The data released by South Delhi Municipal Corporation (SDMC) on Monday has revealed the growing threat of mosquito-borne diseases in the city. The number of people affected by malaria in the national capital has increased to 75 this season, with 29 cases reported in the first three weeks of July.
The vector-borne disease is spreading fast this season as the number of malaria cases reported in February was two, one each in April and March. With 17 cases of Malaria reported in May, and 25 the following month, 29 cases were reported on July 21, according to SDMC.
The figure for the disease shows that it is higher than the number of people affected by dengue - 43 cases - and chikungunya - 34 cases - in the said period.
The number of dengue cases reported in January was six, three in February, one in March, By July, the number is 13, whereas 18 cases of chikungunya have been reported this month. It is not unusual for malaria cases to be reported in larger number compared to dengue since the two infections have different carriers, a senior doctor at a government hospital stated.
While SDMC tabulates data on the incidence of vector-borne diseases and deaths in the city, the doctors clarified that it does not provide the complete picture. A senior doctor working with National Vector Borne Disease Control Programme told ToI:
The corporations report only those cases that are treated in its sentinel hospitals or big private hospitals that send them reports. Hundreds of patients with febrile illnesses who get treated at smaller nursing homes or standalone clinics aren't included in the data.

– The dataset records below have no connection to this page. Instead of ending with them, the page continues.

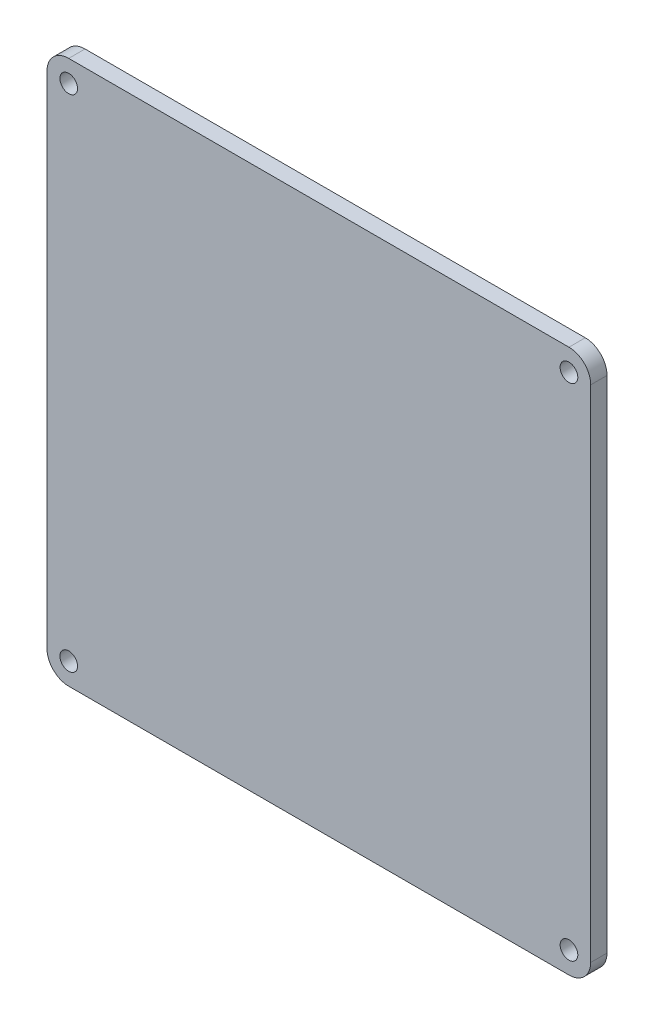
ISO-10303-21;
HEADER;
FILE_DESCRIPTION(('STEP AP214'),'2;1');
FILE_NAME('part.step','',(''),(''),'','','');
FILE_SCHEMA(('AUTOMOTIVE_DESIGN { 1 0 10303 214 1 1 1 1 }'));
ENDSEC;
DATA;
#1=APPLICATION_CONTEXT('core data for automotive mechanical design processes');
#2=APPLICATION_PROTOCOL_DEFINITION('international standard','automotive_design',2000,#1);
#3=PRODUCT_CONTEXT('',#1,'mechanical');
#4=PRODUCT('Part','Part','',(#3));
#5=PRODUCT_RELATED_PRODUCT_CATEGORY('part','',(#4));
#6=PRODUCT_DEFINITION_FORMATION('','',#4);
#7=PRODUCT_DEFINITION_CONTEXT('part definition',#1,'design');
#8=PRODUCT_DEFINITION('design','',#6,#7);
#9=PRODUCT_DEFINITION_SHAPE('','',#8);
#10=(LENGTH_UNIT() NAMED_UNIT(*) SI_UNIT(.MILLI.,.METRE.));
#11=(NAMED_UNIT(*) PLANE_ANGLE_UNIT() SI_UNIT($,.RADIAN.));
#12=(NAMED_UNIT(*) SI_UNIT($,.STERADIAN.) SOLID_ANGLE_UNIT());
#13=UNCERTAINTY_MEASURE_WITH_UNIT(LENGTH_MEASURE(1.E-05),#10,'distance_accuracy_value','');
#14=(GEOMETRIC_REPRESENTATION_CONTEXT(3) GLOBAL_UNCERTAINTY_ASSIGNED_CONTEXT((#13)) GLOBAL_UNIT_ASSIGNED_CONTEXT((#10,
#11,#12)) REPRESENTATION_CONTEXT('',''));
#15=CARTESIAN_POINT('',(0.,0.,0.));
#16=DIRECTION('',(0.,0.,1.));
#17=DIRECTION('',(1.,0.,0.));
#18=AXIS2_PLACEMENT_3D('',#15,#16,#17);
#19=CARTESIAN_POINT('',(-47.7203647416413,-36.6021717055512,3.));
#20=DIRECTION('',(1.,0.,0.));
#21=DIRECTION('',(0.,0.,-1.));
#22=AXIS2_PLACEMENT_3D('',#19,#20,#21);
#23=PLANE('',#22);
#24=DIRECTION('',(0.,-1.,0.));
#25=VECTOR('',#24,1.);
#26=CARTESIAN_POINT('',(-47.7203647416413,-36.6021717055512,3.));
#27=LINE('',#26,#25);
#28=CARTESIAN_POINT('',(-47.7203647416413,59.3978282944488,3.));
#29=VERTEX_POINT('',#28);
#30=CARTESIAN_POINT('',(-47.7203647416413,-32.6021717055512,3.));
#31=VERTEX_POINT('',#30);
#32=EDGE_CURVE('E127',#29,#31,#27,.T.);
#33=ORIENTED_EDGE('',*,*,#32,.F.);
#34=DIRECTION('',(0.,0.,-1.));
#35=VECTOR('',#34,1.);
#36=CARTESIAN_POINT('',(-47.7203647416413,59.3978282944488,3.));
#37=LINE('',#36,#35);
#38=CARTESIAN_POINT('',(-47.7203647416413,59.3978282944488,0.));
#39=VERTEX_POINT('',#38);
#40=EDGE_CURVE('E11',#29,#39,#37,.T.);
#41=ORIENTED_EDGE('',*,*,#40,.T.);
#42=DIRECTION('',(0.,-1.,0.));
#43=VECTOR('',#42,1.);
#44=CARTESIAN_POINT('',(-47.7203647416413,-36.6021717055512,0.));
#45=LINE('',#44,#43);
#46=CARTESIAN_POINT('',(-47.7203647416413,-32.6021717055512,0.));
#47=VERTEX_POINT('',#46);
#48=EDGE_CURVE('E129',#39,#47,#45,.T.);
#49=ORIENTED_EDGE('',*,*,#48,.T.);
#50=DIRECTION('',(0.,0.,-1.));
#51=VECTOR('',#50,1.);
#52=CARTESIAN_POINT('',(-47.7203647416413,-32.6021717055512,3.));
#53=LINE('',#52,#51);
#54=EDGE_CURVE('E40',#47,#31,#53,.F.);
#55=ORIENTED_EDGE('',*,*,#54,.T.);
#56=EDGE_LOOP('',(#33,#41,#49,#55));
#57=FACE_BOUND('',#56,.T.);
#58=ADVANCED_FACE('F32',(#57),#23,.F.);
#59=CARTESIAN_POINT('',(52.2796352583587,-36.6021717055512,3.));
#60=DIRECTION('',(0.,1.,0.));
#61=DIRECTION('',(-1.,0.,0.));
#62=AXIS2_PLACEMENT_3D('',#59,#60,#61);
#63=PLANE('',#62);
#64=DIRECTION('',(1.,0.,0.));
#65=VECTOR('',#64,1.);
#66=CARTESIAN_POINT('',(52.2796352583587,-36.6021717055512,0.));
#67=LINE('',#66,#65);
#68=CARTESIAN_POINT('',(-43.7203647416413,-36.6021717055512,0.));
#69=VERTEX_POINT('',#68);
#70=CARTESIAN_POINT('',(48.2796352583587,-36.6021717055512,0.));
#71=VERTEX_POINT('',#70);
#72=EDGE_CURVE('E125',#69,#71,#67,.T.);
#73=ORIENTED_EDGE('',*,*,#72,.T.);
#74=DIRECTION('',(0.,0.,-1.));
#75=VECTOR('',#74,1.);
#76=CARTESIAN_POINT('',(48.2796352583587,-36.6021717055512,3.));
#77=LINE('',#76,#75);
#78=CARTESIAN_POINT('',(48.2796352583587,-36.6021717055512,3.));
#79=VERTEX_POINT('',#78);
#80=EDGE_CURVE('E104',#71,#79,#77,.F.);
#81=ORIENTED_EDGE('',*,*,#80,.T.);
#82=DIRECTION('',(1.,0.,0.));
#83=VECTOR('',#82,1.);
#84=CARTESIAN_POINT('',(52.2796352583587,-36.6021717055512,3.));
#85=LINE('',#84,#83);
#86=CARTESIAN_POINT('',(-43.7203647416413,-36.6021717055512,3.));
#87=VERTEX_POINT('',#86);
#88=EDGE_CURVE('E165',#87,#79,#85,.T.);
#89=ORIENTED_EDGE('',*,*,#88,.F.);
#90=DIRECTION('',(0.,0.,-1.));
#91=VECTOR('',#90,1.);
#92=CARTESIAN_POINT('',(-43.7203647416413,-36.6021717055512,3.));
#93=LINE('',#92,#91);
#94=EDGE_CURVE('E109',#87,#69,#93,.T.);
#95=ORIENTED_EDGE('',*,*,#94,.T.);
#96=EDGE_LOOP('',(#73,#81,#89,#95));
#97=FACE_BOUND('',#96,.T.);
#98=ADVANCED_FACE('F169',(#97),#63,.F.);
#99=CARTESIAN_POINT('',(52.2796352583587,-36.6021717055512,3.));
#100=DIRECTION('',(-1.,0.,0.));
#101=DIRECTION('',(0.,0.,1.));
#102=AXIS2_PLACEMENT_3D('',#99,#100,#101);
#103=PLANE('',#102);
#104=DIRECTION('',(0.,1.,0.));
#105=VECTOR('',#104,1.);
#106=CARTESIAN_POINT('',(52.2796352583587,-36.6021717055512,3.));
#107=LINE('',#106,#105);
#108=CARTESIAN_POINT('',(52.2796352583587,-32.6021717055512,3.));
#109=VERTEX_POINT('',#108);
#110=CARTESIAN_POINT('',(52.2796352583587,59.3978282944488,3.));
#111=VERTEX_POINT('',#110);
#112=EDGE_CURVE('E118',#109,#111,#107,.T.);
#113=ORIENTED_EDGE('',*,*,#112,.F.);
#114=DIRECTION('',(0.,0.,-1.));
#115=VECTOR('',#114,1.);
#116=CARTESIAN_POINT('',(52.2796352583587,-32.6021717055512,3.));
#117=LINE('',#116,#115);
#118=CARTESIAN_POINT('',(52.2796352583587,-32.6021717055512,0.));
#119=VERTEX_POINT('',#118);
#120=EDGE_CURVE('E103',#109,#119,#117,.T.);
#121=ORIENTED_EDGE('',*,*,#120,.T.);
#122=DIRECTION('',(0.,1.,0.));
#123=VECTOR('',#122,1.);
#124=CARTESIAN_POINT('',(52.2796352583587,-36.6021717055512,0.));
#125=LINE('',#124,#123);
#126=CARTESIAN_POINT('',(52.2796352583587,59.3978282944488,0.));
#127=VERTEX_POINT('',#126);
#128=EDGE_CURVE('E116',#119,#127,#125,.T.);
#129=ORIENTED_EDGE('',*,*,#128,.T.);
#130=DIRECTION('',(0.,0.,-1.));
#131=VECTOR('',#130,1.);
#132=CARTESIAN_POINT('',(52.2796352583587,59.3978282944488,3.));
#133=LINE('',#132,#131);
#134=EDGE_CURVE('E120',#127,#111,#133,.F.);
#135=ORIENTED_EDGE('',*,*,#134,.T.);
#136=EDGE_LOOP('',(#113,#121,#129,#135));
#137=FACE_BOUND('',#136,.T.);
#138=ADVANCED_FACE('F115',(#137),#103,.F.);
#139=CARTESIAN_POINT('',(52.2796352583587,63.3978282944488,3.));
#140=DIRECTION('',(0.,-1.,0.));
#141=DIRECTION('',(0.,0.,-1.));
#142=AXIS2_PLACEMENT_3D('',#139,#140,#141);
#143=PLANE('',#142);
#144=DIRECTION('',(-1.,0.,0.));
#145=VECTOR('',#144,1.);
#146=CARTESIAN_POINT('',(52.2796352583587,63.3978282944488,3.));
#147=LINE('',#146,#145);
#148=CARTESIAN_POINT('',(48.2796352583587,63.3978282944488,3.));
#149=VERTEX_POINT('',#148);
#150=CARTESIAN_POINT('',(-43.7203647416413,63.3978282944488,3.));
#151=VERTEX_POINT('',#150);
#152=EDGE_CURVE('E133',#149,#151,#147,.T.);
#153=ORIENTED_EDGE('',*,*,#152,.F.);
#154=DIRECTION('',(0.,0.,-1.));
#155=VECTOR('',#154,1.);
#156=CARTESIAN_POINT('',(48.2796352583587,63.3978282944488,3.));
#157=LINE('',#156,#155);
#158=CARTESIAN_POINT('',(48.2796352583587,63.3978282944488,0.));
#159=VERTEX_POINT('',#158);
#160=EDGE_CURVE('E150',#149,#159,#157,.T.);
#161=ORIENTED_EDGE('',*,*,#160,.T.);
#162=DIRECTION('',(-1.,0.,0.));
#163=VECTOR('',#162,1.);
#164=CARTESIAN_POINT('',(52.2796352583587,63.3978282944488,0.));
#165=LINE('',#164,#163);
#166=CARTESIAN_POINT('',(-43.7203647416413,63.3978282944488,0.));
#167=VERTEX_POINT('',#166);
#168=EDGE_CURVE('E124',#159,#167,#165,.T.);
#169=ORIENTED_EDGE('',*,*,#168,.T.);
#170=DIRECTION('',(0.,0.,-1.));
#171=VECTOR('',#170,1.);
#172=CARTESIAN_POINT('',(-43.7203647416413,63.3978282944488,3.));
#173=LINE('',#172,#171);
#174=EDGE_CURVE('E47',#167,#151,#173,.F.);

The doctor also said that cases of malaria, which were once considered to diminishing, have shown significant rise across Southeast Asia, Africa and South Africa, mainly due to reduced focus and expenditure by the governments.
A principal consultant at Hindu Rao Hospital, Dr DK Seth said that poor sanitation levels may be the reason of high malaria incidence. "We need to renew our focus on the disease with an aim to eradicate it at the source and thus reduce its spread," he said.
According to the municipal health officials, cases of dengue and chikungunya may also soar in the coming months.